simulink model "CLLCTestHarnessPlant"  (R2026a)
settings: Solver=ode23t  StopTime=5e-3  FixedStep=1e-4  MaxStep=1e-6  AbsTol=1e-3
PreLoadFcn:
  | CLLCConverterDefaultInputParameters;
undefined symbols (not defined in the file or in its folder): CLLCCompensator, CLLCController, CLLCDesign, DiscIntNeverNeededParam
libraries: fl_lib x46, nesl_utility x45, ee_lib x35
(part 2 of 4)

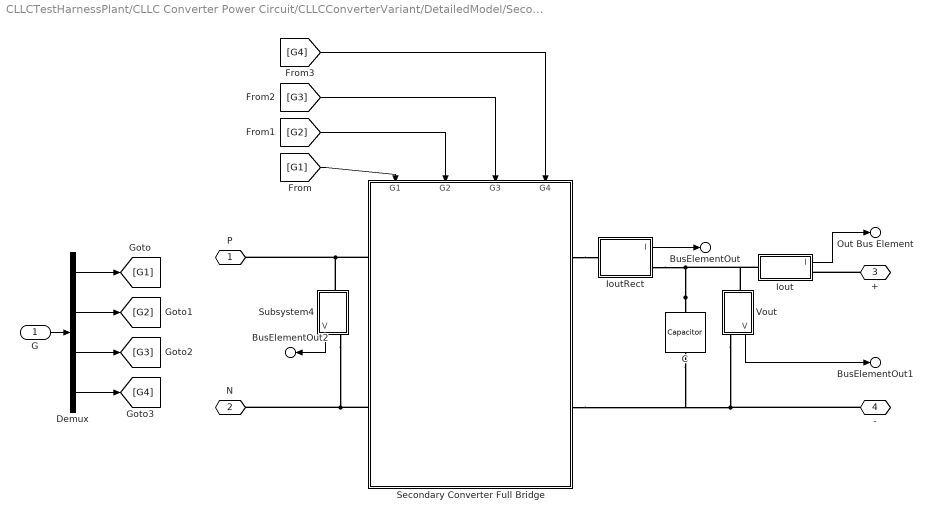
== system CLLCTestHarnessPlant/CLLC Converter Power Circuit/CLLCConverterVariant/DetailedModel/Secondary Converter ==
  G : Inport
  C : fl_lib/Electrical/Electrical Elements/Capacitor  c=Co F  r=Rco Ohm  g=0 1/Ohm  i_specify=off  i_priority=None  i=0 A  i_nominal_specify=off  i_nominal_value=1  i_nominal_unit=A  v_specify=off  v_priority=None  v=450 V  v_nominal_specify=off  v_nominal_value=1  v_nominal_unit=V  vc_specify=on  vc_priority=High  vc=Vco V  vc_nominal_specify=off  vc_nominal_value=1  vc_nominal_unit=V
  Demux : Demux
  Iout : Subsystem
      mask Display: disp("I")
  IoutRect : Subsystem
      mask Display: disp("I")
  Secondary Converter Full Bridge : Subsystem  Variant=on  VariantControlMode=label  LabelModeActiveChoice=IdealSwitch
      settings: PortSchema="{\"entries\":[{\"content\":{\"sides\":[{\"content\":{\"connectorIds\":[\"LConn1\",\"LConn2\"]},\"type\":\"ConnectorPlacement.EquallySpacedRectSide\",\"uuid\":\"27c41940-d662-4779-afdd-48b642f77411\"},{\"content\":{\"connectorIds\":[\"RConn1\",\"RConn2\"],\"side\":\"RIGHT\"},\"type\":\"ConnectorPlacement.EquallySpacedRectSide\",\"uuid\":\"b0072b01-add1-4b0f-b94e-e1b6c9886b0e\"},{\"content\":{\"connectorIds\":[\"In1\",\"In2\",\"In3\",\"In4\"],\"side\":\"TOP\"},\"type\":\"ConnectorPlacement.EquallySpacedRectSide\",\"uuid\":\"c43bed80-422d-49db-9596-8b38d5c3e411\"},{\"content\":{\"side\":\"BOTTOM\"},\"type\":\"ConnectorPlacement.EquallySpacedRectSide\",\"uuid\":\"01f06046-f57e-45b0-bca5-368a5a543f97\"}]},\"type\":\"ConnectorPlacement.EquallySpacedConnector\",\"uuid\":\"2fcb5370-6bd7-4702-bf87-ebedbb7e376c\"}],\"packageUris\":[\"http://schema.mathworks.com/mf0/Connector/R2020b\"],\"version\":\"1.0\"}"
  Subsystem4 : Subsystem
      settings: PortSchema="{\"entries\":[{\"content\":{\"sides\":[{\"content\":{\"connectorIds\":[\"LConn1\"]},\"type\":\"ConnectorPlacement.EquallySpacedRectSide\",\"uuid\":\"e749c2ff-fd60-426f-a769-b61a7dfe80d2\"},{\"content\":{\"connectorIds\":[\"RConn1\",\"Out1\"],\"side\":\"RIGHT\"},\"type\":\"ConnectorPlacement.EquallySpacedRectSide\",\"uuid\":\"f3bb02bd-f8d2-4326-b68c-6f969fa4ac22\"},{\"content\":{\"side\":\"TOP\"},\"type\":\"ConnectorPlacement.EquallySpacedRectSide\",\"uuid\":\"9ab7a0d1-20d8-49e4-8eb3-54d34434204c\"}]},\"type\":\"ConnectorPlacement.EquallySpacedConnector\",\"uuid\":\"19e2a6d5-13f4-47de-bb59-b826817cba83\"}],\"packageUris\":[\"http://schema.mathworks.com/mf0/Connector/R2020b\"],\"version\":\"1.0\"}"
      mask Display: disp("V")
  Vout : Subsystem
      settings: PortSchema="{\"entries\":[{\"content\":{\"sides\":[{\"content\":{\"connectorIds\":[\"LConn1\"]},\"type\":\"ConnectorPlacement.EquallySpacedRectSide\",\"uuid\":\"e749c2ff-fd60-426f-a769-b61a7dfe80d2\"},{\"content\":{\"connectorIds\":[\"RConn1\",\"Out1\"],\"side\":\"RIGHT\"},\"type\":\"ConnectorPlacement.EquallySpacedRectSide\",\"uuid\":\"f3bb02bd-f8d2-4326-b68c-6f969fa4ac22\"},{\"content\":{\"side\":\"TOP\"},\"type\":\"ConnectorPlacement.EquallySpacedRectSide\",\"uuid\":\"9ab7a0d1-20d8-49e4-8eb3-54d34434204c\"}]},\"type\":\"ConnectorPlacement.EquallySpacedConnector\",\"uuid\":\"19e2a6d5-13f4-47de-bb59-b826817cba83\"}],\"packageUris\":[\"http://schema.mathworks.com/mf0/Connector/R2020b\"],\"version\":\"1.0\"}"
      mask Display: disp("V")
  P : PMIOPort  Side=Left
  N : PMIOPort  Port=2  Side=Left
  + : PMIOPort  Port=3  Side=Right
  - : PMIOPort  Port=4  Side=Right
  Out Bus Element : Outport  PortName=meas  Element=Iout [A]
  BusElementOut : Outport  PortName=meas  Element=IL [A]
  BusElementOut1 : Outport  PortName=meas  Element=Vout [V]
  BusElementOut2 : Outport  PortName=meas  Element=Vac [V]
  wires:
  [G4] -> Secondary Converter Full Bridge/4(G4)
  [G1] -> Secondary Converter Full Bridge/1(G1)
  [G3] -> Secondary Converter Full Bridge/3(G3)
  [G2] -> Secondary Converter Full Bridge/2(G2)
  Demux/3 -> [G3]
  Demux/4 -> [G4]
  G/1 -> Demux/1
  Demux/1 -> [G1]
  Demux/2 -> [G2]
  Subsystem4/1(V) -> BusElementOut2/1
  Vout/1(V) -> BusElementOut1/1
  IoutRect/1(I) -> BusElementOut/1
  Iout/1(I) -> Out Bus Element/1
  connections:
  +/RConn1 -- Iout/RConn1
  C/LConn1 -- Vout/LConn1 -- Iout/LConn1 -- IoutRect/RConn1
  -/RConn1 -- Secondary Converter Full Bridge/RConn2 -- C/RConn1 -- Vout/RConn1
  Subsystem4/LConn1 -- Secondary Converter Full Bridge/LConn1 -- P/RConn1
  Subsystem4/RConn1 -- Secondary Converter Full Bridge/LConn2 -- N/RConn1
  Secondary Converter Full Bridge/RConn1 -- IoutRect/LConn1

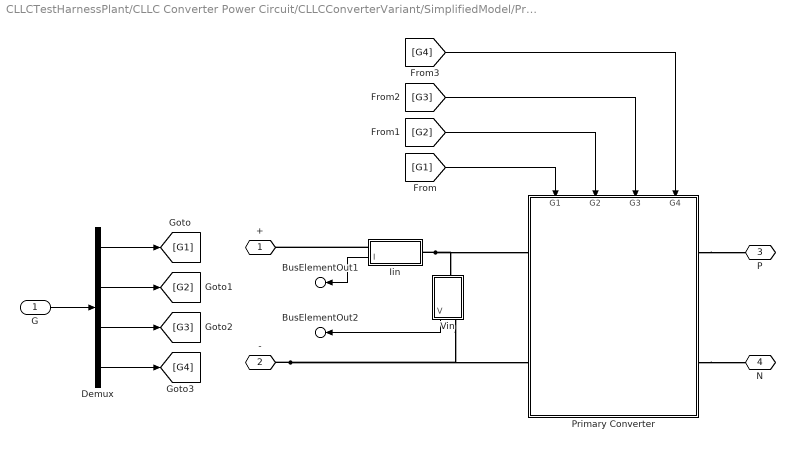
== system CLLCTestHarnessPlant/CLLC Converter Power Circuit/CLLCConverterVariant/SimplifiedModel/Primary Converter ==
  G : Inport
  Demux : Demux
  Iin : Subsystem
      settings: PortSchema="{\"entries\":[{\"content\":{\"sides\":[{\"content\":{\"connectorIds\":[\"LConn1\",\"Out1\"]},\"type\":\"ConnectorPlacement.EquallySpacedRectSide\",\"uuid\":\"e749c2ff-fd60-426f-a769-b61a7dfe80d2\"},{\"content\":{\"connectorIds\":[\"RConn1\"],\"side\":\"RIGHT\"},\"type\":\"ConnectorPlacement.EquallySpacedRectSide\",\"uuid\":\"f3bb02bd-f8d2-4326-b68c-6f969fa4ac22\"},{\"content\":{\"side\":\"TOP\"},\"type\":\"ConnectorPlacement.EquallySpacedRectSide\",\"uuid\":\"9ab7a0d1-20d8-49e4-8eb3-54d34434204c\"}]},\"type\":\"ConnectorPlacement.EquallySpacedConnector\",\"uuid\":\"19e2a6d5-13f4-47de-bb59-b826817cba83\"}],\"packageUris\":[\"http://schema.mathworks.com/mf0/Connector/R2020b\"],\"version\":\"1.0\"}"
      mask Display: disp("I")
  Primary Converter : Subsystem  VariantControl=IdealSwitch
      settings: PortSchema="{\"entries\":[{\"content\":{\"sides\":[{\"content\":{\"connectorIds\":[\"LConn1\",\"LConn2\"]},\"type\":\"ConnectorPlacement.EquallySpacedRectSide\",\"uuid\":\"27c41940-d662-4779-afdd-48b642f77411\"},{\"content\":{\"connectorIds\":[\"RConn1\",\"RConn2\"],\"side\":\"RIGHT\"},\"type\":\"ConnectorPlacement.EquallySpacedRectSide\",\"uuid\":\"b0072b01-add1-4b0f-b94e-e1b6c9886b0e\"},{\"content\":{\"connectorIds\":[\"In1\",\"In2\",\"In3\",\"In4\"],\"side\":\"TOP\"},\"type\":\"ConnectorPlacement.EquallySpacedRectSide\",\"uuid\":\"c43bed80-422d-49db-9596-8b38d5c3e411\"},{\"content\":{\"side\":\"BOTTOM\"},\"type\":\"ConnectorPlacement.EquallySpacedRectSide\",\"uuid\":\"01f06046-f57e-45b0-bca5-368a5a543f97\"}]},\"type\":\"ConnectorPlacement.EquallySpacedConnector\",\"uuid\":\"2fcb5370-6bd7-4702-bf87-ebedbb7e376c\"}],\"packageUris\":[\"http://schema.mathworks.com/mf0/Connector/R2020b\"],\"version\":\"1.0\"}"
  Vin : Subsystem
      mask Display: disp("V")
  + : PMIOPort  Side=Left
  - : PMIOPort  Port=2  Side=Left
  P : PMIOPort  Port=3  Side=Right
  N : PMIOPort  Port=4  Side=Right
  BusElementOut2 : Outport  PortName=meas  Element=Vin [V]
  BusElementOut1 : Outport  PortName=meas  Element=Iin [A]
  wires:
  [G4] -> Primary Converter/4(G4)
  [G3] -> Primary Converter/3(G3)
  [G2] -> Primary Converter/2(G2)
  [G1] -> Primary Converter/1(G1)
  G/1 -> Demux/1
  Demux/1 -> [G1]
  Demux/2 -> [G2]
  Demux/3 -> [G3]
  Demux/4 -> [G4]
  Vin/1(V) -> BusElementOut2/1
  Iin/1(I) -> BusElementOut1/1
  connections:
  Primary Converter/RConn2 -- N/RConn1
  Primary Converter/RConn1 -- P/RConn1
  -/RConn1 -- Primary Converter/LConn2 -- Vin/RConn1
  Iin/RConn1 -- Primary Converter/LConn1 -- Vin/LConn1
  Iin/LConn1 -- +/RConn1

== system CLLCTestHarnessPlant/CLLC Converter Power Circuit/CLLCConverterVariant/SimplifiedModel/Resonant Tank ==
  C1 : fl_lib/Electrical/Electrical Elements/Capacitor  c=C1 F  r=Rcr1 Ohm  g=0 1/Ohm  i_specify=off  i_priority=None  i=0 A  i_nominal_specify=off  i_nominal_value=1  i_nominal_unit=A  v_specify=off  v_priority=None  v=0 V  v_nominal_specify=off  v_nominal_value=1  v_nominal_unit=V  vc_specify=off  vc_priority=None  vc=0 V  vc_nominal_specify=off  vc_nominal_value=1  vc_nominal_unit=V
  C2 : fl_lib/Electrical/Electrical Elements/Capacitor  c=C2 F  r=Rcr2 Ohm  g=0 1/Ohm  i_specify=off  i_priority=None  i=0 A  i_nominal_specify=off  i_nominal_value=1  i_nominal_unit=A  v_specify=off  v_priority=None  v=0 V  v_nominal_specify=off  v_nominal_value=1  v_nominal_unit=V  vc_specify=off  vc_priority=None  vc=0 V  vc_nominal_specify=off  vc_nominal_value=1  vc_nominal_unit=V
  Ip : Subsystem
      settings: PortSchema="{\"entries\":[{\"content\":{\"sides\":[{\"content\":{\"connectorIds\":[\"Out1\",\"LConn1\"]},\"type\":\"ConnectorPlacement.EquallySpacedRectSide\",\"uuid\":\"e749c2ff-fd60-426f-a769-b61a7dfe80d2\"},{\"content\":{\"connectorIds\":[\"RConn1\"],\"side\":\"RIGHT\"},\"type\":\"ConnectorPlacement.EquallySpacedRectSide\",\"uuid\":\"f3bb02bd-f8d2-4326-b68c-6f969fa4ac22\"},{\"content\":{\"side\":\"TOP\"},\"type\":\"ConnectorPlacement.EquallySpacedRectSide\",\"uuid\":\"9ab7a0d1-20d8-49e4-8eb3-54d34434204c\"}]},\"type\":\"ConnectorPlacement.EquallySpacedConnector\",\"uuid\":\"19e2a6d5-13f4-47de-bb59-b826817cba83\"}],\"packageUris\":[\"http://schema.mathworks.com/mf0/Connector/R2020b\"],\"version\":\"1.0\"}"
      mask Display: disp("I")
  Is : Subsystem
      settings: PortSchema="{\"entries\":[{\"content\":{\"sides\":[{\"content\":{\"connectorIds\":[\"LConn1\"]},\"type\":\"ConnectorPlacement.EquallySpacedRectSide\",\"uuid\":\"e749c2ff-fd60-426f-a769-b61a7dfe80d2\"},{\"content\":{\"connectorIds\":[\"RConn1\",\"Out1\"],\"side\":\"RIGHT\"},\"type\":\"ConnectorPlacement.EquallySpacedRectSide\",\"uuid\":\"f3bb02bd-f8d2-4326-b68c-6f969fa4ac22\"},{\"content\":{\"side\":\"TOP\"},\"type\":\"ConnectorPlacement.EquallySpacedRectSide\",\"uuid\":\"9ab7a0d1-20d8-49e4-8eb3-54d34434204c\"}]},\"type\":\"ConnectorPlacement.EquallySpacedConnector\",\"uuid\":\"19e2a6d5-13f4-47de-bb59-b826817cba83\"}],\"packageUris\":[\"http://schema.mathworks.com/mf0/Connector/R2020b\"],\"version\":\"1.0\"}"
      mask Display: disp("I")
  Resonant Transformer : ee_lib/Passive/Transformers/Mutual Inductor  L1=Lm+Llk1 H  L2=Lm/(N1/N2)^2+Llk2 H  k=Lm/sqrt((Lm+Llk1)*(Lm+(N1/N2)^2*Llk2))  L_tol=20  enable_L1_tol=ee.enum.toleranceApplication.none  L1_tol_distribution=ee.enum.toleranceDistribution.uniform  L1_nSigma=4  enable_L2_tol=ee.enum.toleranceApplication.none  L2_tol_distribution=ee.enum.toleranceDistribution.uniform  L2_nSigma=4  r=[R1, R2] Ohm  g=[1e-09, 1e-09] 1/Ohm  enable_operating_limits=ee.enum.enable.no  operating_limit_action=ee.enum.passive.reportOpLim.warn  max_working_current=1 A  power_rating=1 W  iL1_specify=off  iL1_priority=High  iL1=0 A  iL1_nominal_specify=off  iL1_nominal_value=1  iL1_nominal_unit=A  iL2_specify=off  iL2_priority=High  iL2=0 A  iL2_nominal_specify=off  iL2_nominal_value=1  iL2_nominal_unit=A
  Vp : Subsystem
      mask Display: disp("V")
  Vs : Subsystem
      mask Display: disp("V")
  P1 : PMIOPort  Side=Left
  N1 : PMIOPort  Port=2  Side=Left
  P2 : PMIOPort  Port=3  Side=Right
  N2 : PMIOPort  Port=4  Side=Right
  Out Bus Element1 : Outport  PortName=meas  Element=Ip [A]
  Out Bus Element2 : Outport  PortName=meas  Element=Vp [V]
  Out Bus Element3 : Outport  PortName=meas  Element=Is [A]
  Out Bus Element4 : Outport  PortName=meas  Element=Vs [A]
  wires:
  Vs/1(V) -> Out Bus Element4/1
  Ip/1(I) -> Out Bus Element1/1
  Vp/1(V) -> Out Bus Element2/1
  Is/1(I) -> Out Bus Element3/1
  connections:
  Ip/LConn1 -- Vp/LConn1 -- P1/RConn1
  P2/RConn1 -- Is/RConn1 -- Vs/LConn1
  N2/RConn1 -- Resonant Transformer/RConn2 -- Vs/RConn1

_ _ _ _ _ _ _

Assigned task – Everything before the line containing "N1 : PMIOPort" stays out. Write out that line and the rest of the entries exactly.

Your response –
  N1 : PMIOPort  Port=2  Side=Left
  P2 : PMIOPort  Port=3  Side=Right
  N2 : PMIOPort  Port=4  Side=Right
  Out Bus Element1 : Outport  PortName=meas  Element=Ip [A]
  Out Bus Element2 : Outport  PortName=meas  Element=Vp [V]
  Out Bus Element3 : Outport  PortName=meas  Element=Is [A]
  Out Bus Element4 : Outport  PortName=meas  Element=Vs [A]
  wires:
  Vs/1(V) -> Out Bus Element4/1
  Ip/1(I) -> Out Bus Element1/1
  Vp/1(V) -> Out Bus Element2/1
  Is/1(I) -> Out Bus Element3/1
  connections:
  Ip/LConn1 -- Vp/LConn1 -- P1/RConn1
  P2/RConn1 -- Is/RConn1 -- Vs/LConn1
  N2/RConn1 -- Resonant Transformer/RConn2 -- Vs/RConn1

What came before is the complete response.